Print the full set of records below, character for character and picture-free.

Records excerpted from a collection:
§

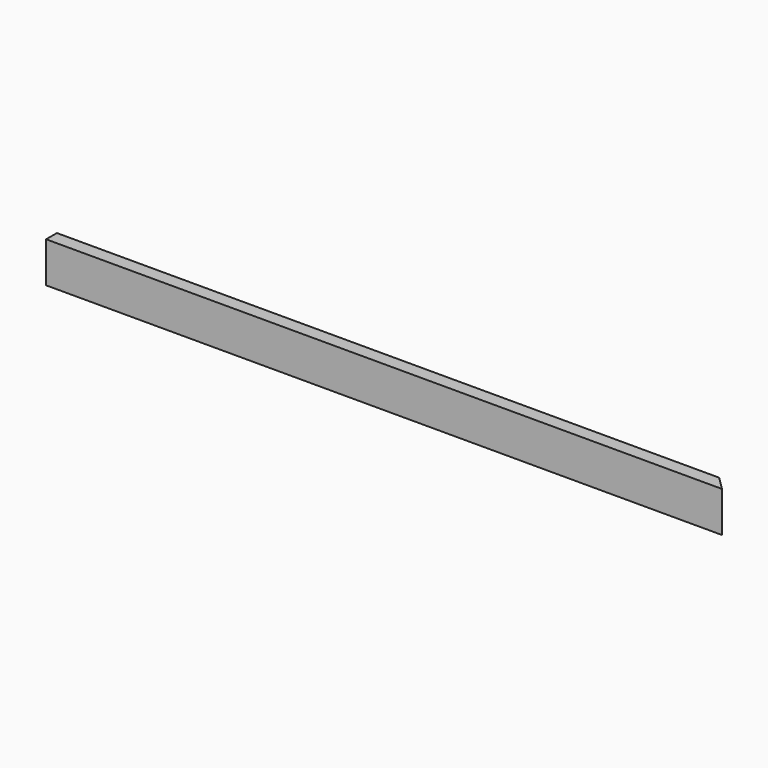
from build123d import *

# Parameters (mm, degrees)
F0_W        = 2540
F0_H        = 152.4
F1_DEPTH    = 50.8
F2_R        = 12.7
F3_DEPTH    = 2540
F4_T1_DEPTH = 413.6829915773


# Not quite as in the source:
# - a fillet or chamfer that OpenCascade refuses, or shapes differently, is made with other operations: its cross-section is extruded or revolved along the edge and cut away or added


with BuildPart() as f1:
    # F0 (on Front) → F1 (new body)
    with BuildSketch(Plane.XZ):
        with Locations((996.8233792729, 9.1693531722)):
            Rectangle(F0_W, F0_H)
    extrude(amount=F1_DEPTH)

    # F2 (on face) → F3 (cut)
    with BuildSketch(Plane(origin=(-273.1766207271, 0, 0), x_dir=(0, -1, 0), z_dir=(-1, 0, 0))):
        with Locations((25.4, 34.5693531722)):
            Circle(F2_R)
        with Locations((25.4, -16.2306468278)):
            Circle(F2_R)
    extrude(amount=-F3_DEPTH, mode=Mode.SUBTRACT)

    # F4: chamfer of 50.8 on 1 edges, made by hand

    # F4_s2 → F4_t1 (cut)
    with BuildSketch(Plane.XY.offset(-197.6721426165)):
        Polygon((2266.8233792729, -50.8), (2216.0233792729, 0), (2266.8233792729, 0), align=None)
    extrude(amount=F4_T1_DEPTH, mode=Mode.SUBTRACT)


solid = f1.part

§

> Task result:
from build123d import *

# Parameters (mm, degrees)
F0_W        = 2540
F0_H        = 152.4
F1_DEPTH    = 50.8
F2_R        = 12.7
F3_DEPTH    = 2540
F4_T1_DEPTH = 413.6829915773


# Not quite as in the source:
# - a fillet or chamfer that OpenCascade refuses, or shapes differently, is made with other operations: its cross-section is extruded or revolved along the edge and cut away or added


with BuildPart() as f1:
    # F0 (on Front) → F1 (new body)
    with BuildSketch(Plane.XZ):
        with Locations((996.8233792729, 9.1693531722)):
            Rectangle(F0_W, F0_H)
    extrude(amount=F1_DEPTH)

    # F2 (on face) → F3 (cut)
    with BuildSketch(Plane(origin=(-273.1766207271, 0, 0), x_dir=(0, -1, 0), z_dir=(-1, 0, 0))):
        with Locations((25.4, 34.5693531722)):
            Circle(F2_R)
        with Locations((25.4, -16.2306468278)):
            Circle(F2_R)
    extrude(amount=-F3_DEPTH, mode=Mode.SUBTRACT)

    # F4: chamfer of 50.8 on 1 edges, made by hand

    # F4_s2 → F4_t1 (cut)
    with BuildSketch(Plane.XY.offset(-197.6721426165)):
        Polygon((2266.8233792729, -50.8), (2216.0233792729, 0), (2266.8233792729, 0), align=None)
    extrude(amount=F4_T1_DEPTH, mode=Mode.SUBTRACT)


solid = f1.part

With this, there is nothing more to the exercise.